Colin Firth delivers a towering performance in Tom Ford’s adaptation of Christopher Isherwood’s A SINGLE MAN. The novel’s interior monologue has been externalized as an haute-couture fashion shoot, familiar territory for the fashion designer turned filmmaker. Instead of a cheap gimmick or a cheesy idiom, though, it’s the perfect subjective palette on which to play out the emotional turmoil experienced by Professor George Falconer during what he plans on being the last day of his life. It is Firth’s subtle, understated performance that brings it together. In him, there is the juxtaposition of the British stiff upper lip cracking with the restraint of snarkiness, silliness, and sentiment; a quick sardonic wit and sad eyes that yearn for kindness that Falconer extends to those from whom, unnbeknownst to them, he is about to take his leave.
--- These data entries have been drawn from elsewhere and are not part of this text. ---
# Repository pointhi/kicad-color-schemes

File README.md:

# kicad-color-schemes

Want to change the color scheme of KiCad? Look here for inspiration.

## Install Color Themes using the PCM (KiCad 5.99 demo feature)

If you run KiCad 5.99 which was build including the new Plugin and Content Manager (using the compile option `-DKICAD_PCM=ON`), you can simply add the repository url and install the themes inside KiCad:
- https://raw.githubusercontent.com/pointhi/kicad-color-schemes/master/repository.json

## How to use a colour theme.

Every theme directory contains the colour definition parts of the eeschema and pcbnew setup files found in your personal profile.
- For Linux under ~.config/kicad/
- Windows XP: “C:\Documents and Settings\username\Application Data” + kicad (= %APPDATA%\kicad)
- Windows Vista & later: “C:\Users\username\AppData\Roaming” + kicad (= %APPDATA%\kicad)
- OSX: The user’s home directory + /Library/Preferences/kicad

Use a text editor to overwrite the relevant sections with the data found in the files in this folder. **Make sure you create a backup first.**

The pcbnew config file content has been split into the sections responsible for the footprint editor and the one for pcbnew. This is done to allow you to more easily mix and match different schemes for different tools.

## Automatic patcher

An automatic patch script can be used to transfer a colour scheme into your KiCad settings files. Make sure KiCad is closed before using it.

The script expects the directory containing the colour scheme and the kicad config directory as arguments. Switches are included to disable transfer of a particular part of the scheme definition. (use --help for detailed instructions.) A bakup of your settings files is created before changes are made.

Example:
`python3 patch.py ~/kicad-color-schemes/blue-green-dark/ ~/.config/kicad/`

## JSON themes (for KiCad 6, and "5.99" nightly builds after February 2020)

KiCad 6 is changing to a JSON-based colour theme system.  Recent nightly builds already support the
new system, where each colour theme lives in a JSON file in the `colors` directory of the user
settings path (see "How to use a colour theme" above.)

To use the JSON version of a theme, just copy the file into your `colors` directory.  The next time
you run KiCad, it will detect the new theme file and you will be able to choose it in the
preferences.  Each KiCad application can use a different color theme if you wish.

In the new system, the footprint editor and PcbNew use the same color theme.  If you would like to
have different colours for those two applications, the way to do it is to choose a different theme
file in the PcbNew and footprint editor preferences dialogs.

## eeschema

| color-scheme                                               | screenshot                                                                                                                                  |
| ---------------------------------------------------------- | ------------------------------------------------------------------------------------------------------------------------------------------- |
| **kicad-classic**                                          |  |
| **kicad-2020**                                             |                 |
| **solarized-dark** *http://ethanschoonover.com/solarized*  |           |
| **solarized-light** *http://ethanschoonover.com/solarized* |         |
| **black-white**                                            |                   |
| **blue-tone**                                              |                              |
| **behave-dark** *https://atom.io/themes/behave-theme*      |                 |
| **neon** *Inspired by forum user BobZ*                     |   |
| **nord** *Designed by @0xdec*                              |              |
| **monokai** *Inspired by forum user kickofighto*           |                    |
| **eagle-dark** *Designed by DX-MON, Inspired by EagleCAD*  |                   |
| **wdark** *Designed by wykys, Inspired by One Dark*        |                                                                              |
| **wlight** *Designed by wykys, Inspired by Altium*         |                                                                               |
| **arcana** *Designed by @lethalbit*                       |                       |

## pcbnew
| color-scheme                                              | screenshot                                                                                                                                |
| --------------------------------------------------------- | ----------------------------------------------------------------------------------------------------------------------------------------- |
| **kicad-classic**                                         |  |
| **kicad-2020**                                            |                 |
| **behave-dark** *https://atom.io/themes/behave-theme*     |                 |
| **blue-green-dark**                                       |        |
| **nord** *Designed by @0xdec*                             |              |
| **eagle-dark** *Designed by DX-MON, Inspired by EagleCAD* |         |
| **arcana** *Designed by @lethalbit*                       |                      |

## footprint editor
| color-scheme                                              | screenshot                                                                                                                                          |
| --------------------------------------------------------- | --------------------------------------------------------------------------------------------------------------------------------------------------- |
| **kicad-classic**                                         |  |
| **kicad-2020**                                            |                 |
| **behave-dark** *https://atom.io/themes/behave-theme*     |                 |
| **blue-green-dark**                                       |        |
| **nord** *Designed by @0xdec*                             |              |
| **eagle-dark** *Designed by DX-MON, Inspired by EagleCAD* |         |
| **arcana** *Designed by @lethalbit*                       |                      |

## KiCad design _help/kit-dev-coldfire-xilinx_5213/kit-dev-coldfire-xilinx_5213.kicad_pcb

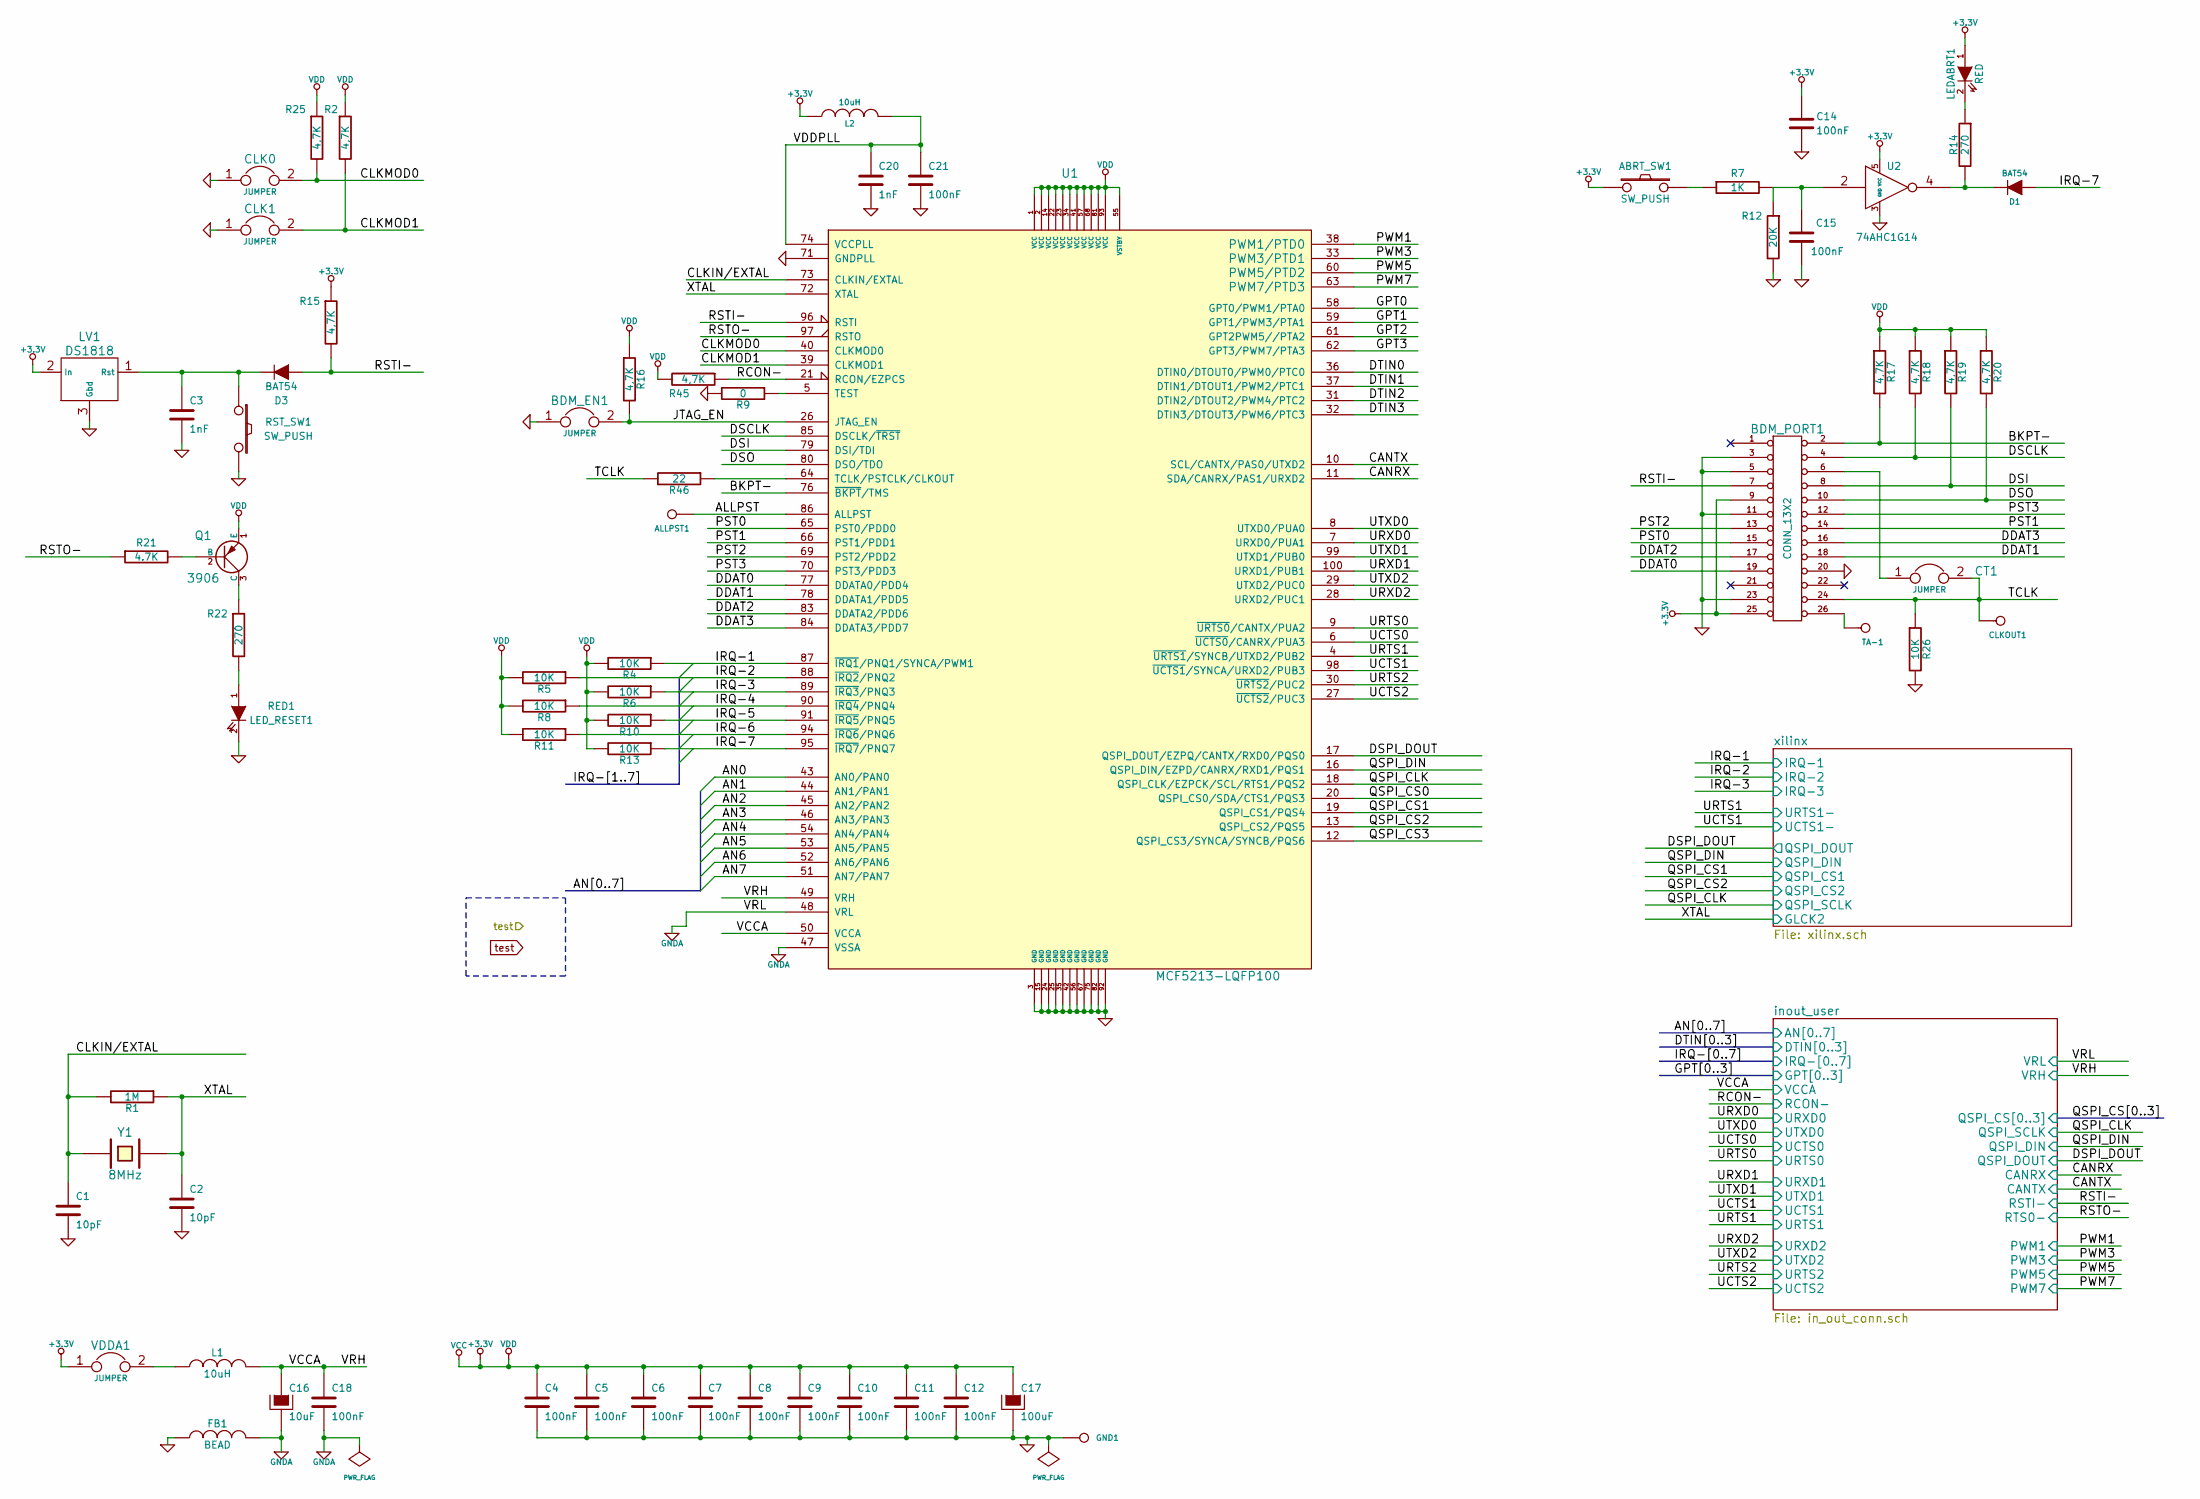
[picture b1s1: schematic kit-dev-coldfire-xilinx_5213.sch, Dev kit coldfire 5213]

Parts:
ABRT_SW1: SW_PUSH; SW_PUSH_SMALL
ALLPST1: CONN_1; PinHeader_1x01_P2.54mm_Vertical
BDM_EN1: JUMPER; PinHeader_1x02_P2.54mm_Vertical
BDM_PORT1: CONN_13X2; PinHeader_2x13_P2.54mm_Vertical
C1, C2: 10pF; R_0805_2012Metric
C3, C20: 1nF; R_0805_2012Metric
C4, C5, C6, C7, C8, C9, C10, C11, C12, C14, C15, C18, C21: 100nF; R_0805_2012Metric
C16: 10uF; SM1206POL
C17: 100uF; SM1206POL
CLK0, CLK1: JUMPER; PinHeader_1x02_P2.54mm_Vertical
CLKOUT1: CONN_1; PinHeader_1x01_P2.54mm_Vertical
CT1: JUMPER; PinHeader_1x02_P2.54mm_Vertical
D1, D3: BAT54; D_SOT-23_ANK
FB1: BEAD; R_1206_3216Metric_Pad1.24x1.80mm_HandSolder
GND1: CONN_1; PinHeader_1x01_P2.54mm_Vertical
L1, L2: 10uH; R_1206_3216Metric_Pad1.24x1.80mm_HandSolder
LEDABRT1: RED; SM1206POL
LV1: DS1818; TO-92_Molded_Narrow
Q1: 3906; SOT23EBC
R1: 1M; R_0805_2012Metric
R2, R15, R16, R17, R18, R19, R20, R25, R45: 4,7K; R_0805_2012Metric
R4, R5, R6, R8, R10, R11, R13, R26: 10K; R_0805_2012Metric
R7: 1K; R_0805_2012Metric
R9: 0; R_0805_2012Metric
R12: 20K; R_0805_2012Metric
R14, R22: 270; R_0805_2012Metric
R21: 4.7K; R_0805_2012Metric
R46: 22; R_0805_2012Metric
RED1: LED_RESET1; SM1206POL
RST_SW1: SW_PUSH; SW_PUSH_SMALL
TA-1: CONN_1; PinHeader_1x01_P2.54mm_Vertical
U1: MCF5213-LQFP100; LQFP-100_14x14mm_P0.5mm
U2: 74AHC1G14; SOT353
VDDA1: JUMPER; PinHeader_1x02_P2.54mm_Vertical
Y1: 8MHz; Crystal_HC18-U_Horizontal

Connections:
+3.3V: ABRT_SW1.2, BDM_PORT1.9, BDM_PORT1.25 (P24), C4.1, C5.1, C6.1, C7.1, C8.1, C9.1, C10.1, C11.1, C12.1, C14.2, C17.1, L2.1, LEDABRT1.1 (A), LV1.2 (In), Q1.1 (E), R2.1, R4.2, R5.2, R6.2, R8.2, R10.2, R11.2, R13.2, R15.1, R16.1, R17.1, R18.1, R19.1, R20.1, R25.1, R45.2, U1.1 (VCC), U1.2 (VCC), U1.14 (VCC), U1.22 (VCC), U1.23 (VCC), U1.34 (VCC), U1.41 (VCC), U1.55 (VSTBY), U1.57 (VCC), U1.68 (VCC), U1.81 (VCC), U1.93 (VCC), U2.5 (VCC), VDDA1.1; also elsewhere on the board
/ALLPST: ALLPST1.1, U1.86 (ALLPST)
/AN0: U1.43 (AN0/PAN0); also elsewhere on the board
/AN1: U1.44 (AN1/PAN1); also elsewhere on the board
/AN2: U1.45 (AN2/PAN2); also elsewhere on the board
/AN3: U1.46 (AN3/PAN3); also elsewhere on the board
/AN4: U1.54 (AN4/PAN4); also elsewhere on the board
/AN5: U1.53 (AN5/PAN5); also elsewhere on the board
/AN6: U1.52 (AN6/PAN6); also elsewhere on the board
/AN7: U1.51 (AN7/PAN7); also elsewhere on the board
/BKPT-: BDM_PORT1.2, R17.2, U1.76 (~BKPT~/TMS)
/CANRX: U1.11 (SDA/CANRX/PAS1/URXD2); also elsewhere on the board
/CANTX: U1.10 (SCL/CANTX/PAS0/UTXD2); also elsewhere on the board
/CLKIN/EXTAL: C1.1, R1.2, U1.73 (CLKIN/EXTAL), Y1.1
/CLKMOD0: CLK0.2, R25.2, U1.40 (CLKMOD0)
/CLKMOD1: CLK1.2, R2.2, U1.39 (CLKMOD1)
/DDAT0: BDM_PORT1.19, U1.77 (DDATA0/PDD4)
/DDAT1: BDM_PORT1.18, U1.78 (DDATA1/PDD5)
/DDAT2: BDM_PORT1.17, U1.83 (DDATA2/PDD6)
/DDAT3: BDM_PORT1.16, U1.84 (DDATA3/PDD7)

In a mix of Friday, November 20, 1962, and flashbacks of his idyllic 16-year life with lover, Jim (Matthew Goode), colors intensify and fade, the present and the past co-mingle inextricably. Fowler, moving between the present and the past, takes care of the last details of his life, laying out his burial suit with instructions on how to the tie should be knotted, fussing over the most comfortable way to place himself and the gun that will remove him from this world, having a final, revelatory dinner with Charlie (Julianne Moore), who has followed him from London to Los Angeles and has never quite gotten over their brief affair. Offered the world on a silver platter in the form of a comfortable life of teaching, and the two beautiful young men who throw themselves at him, Fowler is a prisoner of his past and his grief, a fact brought home in the unsettling kiss that opens the film, the one Fowler delicately places on Jim’s dead, frozen, and blood-smeared lips.
Firth lives a lifetime of emotion in the course of this one day, the ache of loneliness, the futziness of orderliness that both soothes and traps him, and the gentle sadness of an evening with Charlie, whose own loneliness of abandonment by husband and son, is as inconsolable at Fowler’s. Moore’s performance, skittering dangerously on the edge of caricature, has Charlie stumbling through life in a disheveled haze of gin, cigarettes, and boredom. She finds the woman’s heart, though, even as she reveals a selfishness that is as monstrous as it is oddly innocent. Innocent, too, but oddly wise, is Fowlers student, Kenny (Nicholas Hoult). He negotiates the tricky, dangerous courting of another man in the time before Stonewall with grace, intensity, and a relentlessness that is less stalking than romance of a most sentimental type. And a hopeless romantic is what Fowler is beneath the stuffy, tweedy exterior, with the object of his romance taken from him, and a world at large that refuses to recognize its legitimacy or his loss.
Ford focuses on details, the full screen suddenly filling with the swoop of a woman’s eyeliner. The overall effect is the disjointedly peculiar focus of a psyche that is overwrought and acutely, painfully aware of everything around its profound isolation. If the obvious symbolism of Fowler walking alone against a sea of people is a hackneyed device unworthy of the rest of the film, Ford overcomes it with a stream-of-consciousness style that is both stylish and heartfelt. As one character opines about the smog in Los Angeles causing such beautiful sunsets, sometimes awful things have their own kind of beauty. Ford has found the beauty in despair without cheapening either.